Below is a live solution using tupelo.forest. I added a second sentence to make it more interesting:

(dotest
  (with-forest (new-forest)
    (let [xml-str        (ts/quotes->double
                           "<document>
                              <sentence id='1'>
                                <word id='1.1'>foo</word>
                                <word id='1.2'>bar</word>
                              </sentence>
                              <sentence id='2'>
                                <word id='2.1'>beyond</word>
                                <word id='2.2'>all</word>
                                <word id='2.3'>recognition</word>
                              </sentence>
                            </document>")

          root-hid       (add-tree-xml xml-str)
          >>             (remove-whitespace-leaves)
          bush-no-blanks (hid->bush root-hid)
          sentence-hids  (find-hids root-hid [:document :sentence])
          sentences      (forv [sentence-hid sentence-hids]
                           (let [word-hids     (hid->kids sentence-hid)
                                 words         (mapv #(grab :value (hid->leaf %)) word-hids)
                                 sentence-text (str/join \space words)]
                             sentence-text))
          ]
      (is= bush-no-blanks
        [{:tag :document}
         [{:id "1", :tag :sentence}
          [{:id "1.1", :tag :word, :value "foo"}]
          [{:id "1.2", :tag :word, :value "bar"}]]
         [{:id "2", :tag :sentence}
          [{:id "2.1", :tag :word, :value "beyond"}]
          [{:id "2.2", :tag :word, :value "all"}]
          [{:id "2.3", :tag :word, :value "recognition"}]]])
      (is= sentences
        ["foo bar"
         "beyond all recognition"]))))

The idea is to find the hid (Hex ID, like a pointer) for each sentence. In the forv loop, we find the child nodes for each sentence, extract the :value, and joint into a string. The unit tests show the tree structure as parsed from XML (after deleting blank nodes) and the final result. Note that we ignore the id fields and use only the tree structure to understand the sentences.

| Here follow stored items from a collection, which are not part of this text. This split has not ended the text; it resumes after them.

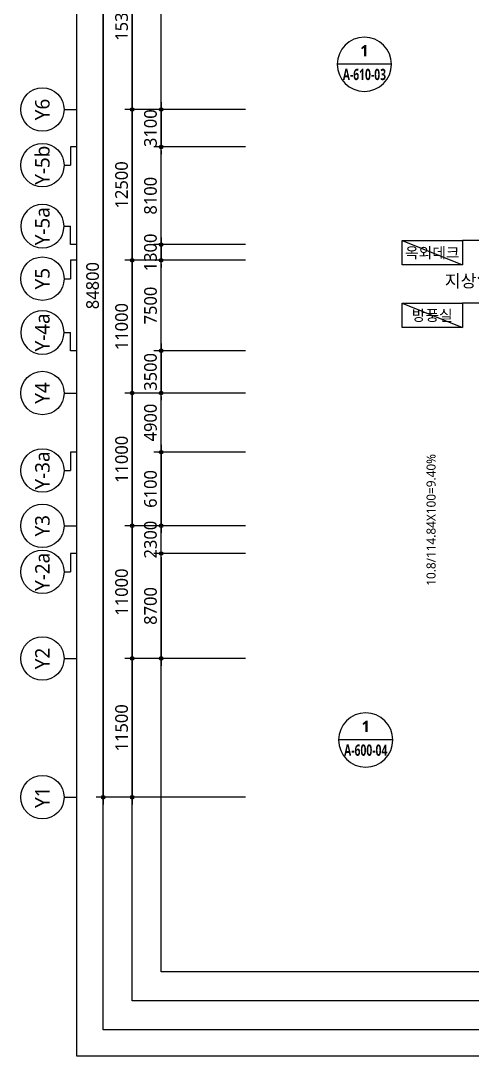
# Model space of a CAD drawing. Header units: millimetres. Extents: x -867282 to 190005487, y -1022614 to 455456909.
# Drawn here: x 784132 to 821599, y 36445 to 122273 of the extents above; entities that cross this region are included whole.
import ezdxf
from ezdxf.enums import TextEntityAlignment as Align

# ---------------------------------------------------------------- set-up
doc = ezdxf.new("R2010")
doc.units = ezdxf.units.MM
doc.header["$LTSCALE"] = 400
doc.header["$MEASUREMENT"] = 0
doc.header["$PDSIZE"] = -10
doc.layers.get('0').update_dxf_attribs({"linetype": 'CONTINUOUS'})
doc.layers.get('Defpoints').update_dxf_attribs({"color": 153, "linetype": 'CONTINUOUS'})
for name, color, linetype in [('A-ANNO-GRA1', 7, 'CONTINUOUS'), ('A-ANNO-TEXT1', 7, 'CONTINUOUS'), ('A-ANNO-TEXT2', 3, 'CONTINUOUS'), ('A-ST-AXIS-BUB', 7, 'CONTINUOUS'), ('A-ST-AXIS-DIM', 7, 'CONTINUOUS'), ('AA-MKXS', 3, 'CONTINUOUS'), ('X-SEC-종$0$A-ST-AXIS-BUB', 7, 'CONTINUOUS')]:
    doc.layers.add(name, color=color, linetype=linetype)
doc.layers.add('Defpoint', color=161, linetype='CONTINUOUS', plot=False)
doc.styles.add('2020음성 1차', font='')
doc.styles.add('SAMOO', font='romans.shx', dxfattribs={"bigfont": 'whgtxt.shx'})
doc.styles.add('SH_대대리576', font='malgun.ttf')
doc.styles.add('SH_진천_나눔', font='')
doc.styles.get('2020음성 1차').set_extended_font_data('NanumGothic', bold=True)
doc.styles.get('SH_진천_나눔').set_extended_font_data('NanumGothic', bold=True)
doc.dimstyles.new('SHP 600', dxfattribs={"dimscale": 300, "dimtxt": 3.5, "dimasz": 1, "dimexe": 2, "dimexo": 2, "dimgap": 1, "dimtad": 1, "dimdec": 0, "dimzin": 0, "dimdsep": 46, "dimtxsty": 'SH_대대리576', "dimblk": 'DIMDOT', "dimcen": 0.09, "dimclrt": 3, "dimadec": 0, "dimazin": 1, "dimtfac": 1, "dimtdec": 0, "dimtix": 1, "dimtmove": 2, "dimatfit": 0, "dimldrblk": 'DIMDOT', "dimfxl": 1, "dimtolj": 1, "dimtzin": 0, "dimarcsym": 0})

# ---------------------------------------------------------------- blocks, each defined once
blk = doc.blocks.new('DIMDOT')
at = {"color": 0}
blk.add_line((-2, 0), (2, 0), dxfattribs=at)
for radius in [0.5, 0.25]:
    blk.add_circle((0, 0), radius, dxfattribs=at)
blk = doc.blocks.new('*D75')
at = {"layer": 'A-ST-AXIS-DIM', "color": 0, "lineweight": -2, "transparency": 16777216}
for p, q in [((802782, 142716), (790382, 142716)), ((790982, 142416), (790982, 58216)), ((802782, 57916), (790382, 57916))]:
    blk.add_line(p, q, dxfattribs=at)
at = {"layer": 'Defpoints', "color": 0, "transparency": 16777216}
for p in [(803382, 142716), (790982, 57916), (803382, 57916)]:
    blk.add_point(p, dxfattribs=at)
at = {"layer": 'A-ST-AXIS-DIM', "color": 0, "linetype": 'ByBlock', "lineweight": -2, "transparency": 16777216, "xscale": 300, "yscale": 300, "zscale": 300}
for p, rotation in [((790982, 142716), 90), ((790982, 57916), 270)]:
    blk.add_blockref('DIMDOT', p, dxfattribs=dict(at, rotation=rotation))
at = {"layer": 'A-ST-AXIS-DIM', "color": 3, "transparency": 16777216, "insert": (790102, 100316), "char_height": 1050, "attachment_point": 5, "rotation": 90, "style": 'SH_대대리576'}
blk.add_mtext('\\A1;84800', dxfattribs=at)
blk = doc.blocks.new('*D76')
at = {"layer": 'A-ST-AXIS-DIM', "color": 0, "lineweight": -2, "transparency": 16777216}
for p, q in [((802782, 69416), (792782, 69416)), ((793382, 69116), (793382, 58216)), ((802782, 57916), (792782, 57916))]:
    blk.add_line(p, q, dxfattribs=at)
at = {"layer": 'Defpoints', "color": 0, "transparency": 16777216}
for p in [(803382, 69416), (793382, 57916), (803382, 57916)]:
    blk.add_point(p, dxfattribs=at)
at = {"layer": 'A-ST-AXIS-DIM', "color": 0, "linetype": 'ByBlock', "lineweight": -2, "transparency": 16777216, "xscale": 300, "yscale": 300, "zscale": 300}
for p, rotation in [((793382, 69416), 90), ((793382, 57916), 270)]:
    blk.add_blockref('DIMDOT', p, dxfattribs=dict(at, rotation=rotation))
at = {"layer": 'A-ST-AXIS-DIM', "color": 3, "transparency": 16777216, "insert": (792505, 63666), "char_height": 1050, "attachment_point": 5, "rotation": 90, "style": 'SH_대대리576'}
blk.add_mtext('\\A1;11500', dxfattribs=at)
blk = doc.blocks.new('*D77')
at = {"layer": 'A-ST-AXIS-DIM', "color": 0, "lineweight": -2, "transparency": 16777216}
for p, q in [((802782, 80416), (792782, 80416)), ((793382, 80116), (793382, 69716)), ((802782, 69416), (792782, 69416))]:
    blk.add_line(p, q, dxfattribs=at)
at = {"layer": 'Defpoints', "color": 0, "transparency": 16777216}
for p in [(803382, 80416), (793382, 69416), (803382, 69416)]:
    blk.add_point(p, dxfattribs=at)
at = {"layer": 'A-ST-AXIS-DIM', "color": 0, "linetype": 'ByBlock', "lineweight": -2, "transparency": 16777216, "xscale": 300, "yscale": 300, "zscale": 300}
for p, rotation in [((793382, 80416), 90), ((793382, 69416), 270)]:
    blk.add_blockref('DIMDOT', p, dxfattribs=dict(at, rotation=rotation))
at = {"layer": 'A-ST-AXIS-DIM', "color": 3, "transparency": 16777216, "insert": (792506, 74916), "char_height": 1050, "attachment_point": 5, "rotation": 90, "style": 'SH_대대리576'}
blk.add_mtext('\\A1;11000', dxfattribs=at)
blk = doc.blocks.new('*D78')
at = {"layer": 'A-ST-AXIS-DIM', "color": 0, "lineweight": -2, "transparency": 16777216}
for p, q in [((802782, 91416), (792782, 91416)), ((793382, 91116), (793382, 80716)), ((802782, 80416), (792782, 80416))]:
    blk.add_line(p, q, dxfattribs=at)
at = {"layer": 'Defpoints', "color": 0, "transparency": 16777216}
for p in [(803382, 91416), (793382, 80416), (803382, 80416)]:
    blk.add_point(p, dxfattribs=at)
at = {"layer": 'A-ST-AXIS-DIM', "color": 0, "linetype": 'ByBlock', "lineweight": -2, "transparency": 16777216, "xscale": 300, "yscale": 300, "zscale": 300}
for p, rotation in [((793382, 91416), 90), ((793382, 80416), 270)]:
    blk.add_blockref('DIMDOT', p, dxfattribs=dict(at, rotation=rotation))
at = {"layer": 'A-ST-AXIS-DIM', "color": 3, "transparency": 16777216, "insert": (792506, 85916), "char_height": 1050, "attachment_point": 5, "rotation": 90, "style": 'SH_대대리576'}
blk.add_mtext('\\A1;11000', dxfattribs=at)
blk = doc.blocks.new('*D79')
at = {"layer": 'A-ST-AXIS-DIM', "color": 0, "lineweight": -2, "transparency": 16777216}
for p, q in [((802782, 102416), (792782, 102416)), ((793382, 102116), (793382, 91716)), ((802782, 91416), (792782, 91416))]:
    blk.add_line(p, q, dxfattribs=at)
at = {"layer": 'Defpoints', "color": 0, "transparency": 16777216}
for p in [(803382, 102416), (793382, 91416), (803382, 91416)]:
    blk.add_point(p, dxfattribs=at)
at = {"layer": 'A-ST-AXIS-DIM', "color": 0, "linetype": 'ByBlock', "lineweight": -2, "transparency": 16777216, "xscale": 300, "yscale": 300, "zscale": 300}
for p, rotation in [((793382, 102416), 90), ((793382, 91416), 270)]:
    blk.add_blockref('DIMDOT', p, dxfattribs=dict(at, rotation=rotation))
at = {"layer": 'A-ST-AXIS-DIM', "color": 3, "transparency": 16777216, "insert": (792506, 96916), "char_height": 1050, "attachment_point": 5, "rotation": 90, "style": 'SH_대대리576'}
blk.add_mtext('\\A1;11000', dxfattribs=at)
blk = doc.blocks.new('*D80')
at = {"layer": 'A-ST-AXIS-DIM', "color": 0, "lineweight": -2, "transparency": 16777216}
for p, q in [((802782, 114916), (792782, 114916)), ((793382, 114616), (793382, 102716)), ((802782, 102416), (792782, 102416))]:
    blk.add_line(p, q, dxfattribs=at)
at = {"layer": 'Defpoints', "color": 0, "transparency": 16777216}
for p in [(803382, 114916), (793382, 102416), (803382, 102416)]:
    blk.add_point(p, dxfattribs=at)
at = {"layer": 'A-ST-AXIS-DIM', "color": 0, "linetype": 'ByBlock', "lineweight": -2, "transparency": 16777216, "xscale": 300, "yscale": 300, "zscale": 300}
for p, rotation in [((793382, 114916), 90), ((793382, 102416), 270)]:
    blk.add_blockref('DIMDOT', p, dxfattribs=dict(at, rotation=rotation))
at = {"layer": 'A-ST-AXIS-DIM', "color": 3, "transparency": 16777216, "insert": (792503, 108666), "char_height": 1050, "attachment_point": 5, "rotation": 90, "style": 'SH_대대리576'}
blk.add_mtext('\\A1;12500', dxfattribs=at)
blk = doc.blocks.new('*D81')
at = {"layer": 'A-ST-AXIS-DIM', "color": 0, "lineweight": -2, "transparency": 16777216}
for p, q in [((802782, 130216), (792782, 130216)), ((793382, 129916), (793382, 115216)), ((802782, 114916), (792782, 114916))]:
    blk.add_line(p, q, dxfattribs=at)
at = {"layer": 'Defpoints', "color": 0, "transparency": 16777216}
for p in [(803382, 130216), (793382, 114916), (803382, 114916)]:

Documentation for tupelo.forest is still a work in progress, but you can see many live examples here.

The Tupelo project lives on GitHub.\

---

Update

I have been thinking about the streaming data problem, and have added a new function proc-tree-enlive-lazy to enable lazy processing of large data sets. Here is an example:

  (let [xml-str (ts/quotes->double
                  "<document>
                     <sentence id='1'>
                       <word id='1.1'>foo</word>
                       <word id='1.2'>bar</word>
                     </sentence>
                     <sentence id='2'>
                       <word id='2.1'>beyond</word>
                       <word id='2.2'>all</word>
                       <word id='2.3'>recognition</word>
                     </sentence>
                   </document>")
    (let [enlive-tree-lazy     (clojure.data.xml/parse (StringReader. xml-str))
          doc-sentence-handler (fn [root-hid]
                                 (remove-whitespace-leaves)
                                 (let [sentence-hid  (only (find-hids root-hid [:document :sentence]))
                                       word-hids     (hid->kids sentence-hid)
                                       words         (mapv #(grab :value (hid->leaf %)) word-hids)
                                       sentence-text (str/join \space words)]
                                   sentence-text))
          result-sentences     (proc-tree-enlive-lazy enlive-tree-lazy
                                 [:document :sentence] doc-sentence-handler)]
      (is= result-sentences ["foo bar" "beyond all recognition"])) ))

The idea is that you process successive subtrees, in this case whenever you get a subtree path of [:document :sentence]. You pass in a handler function, which will receive the root-hid of a tupelo.forest tree. The return value of the handler is then placed onto an output lazy sequence returned to the caller.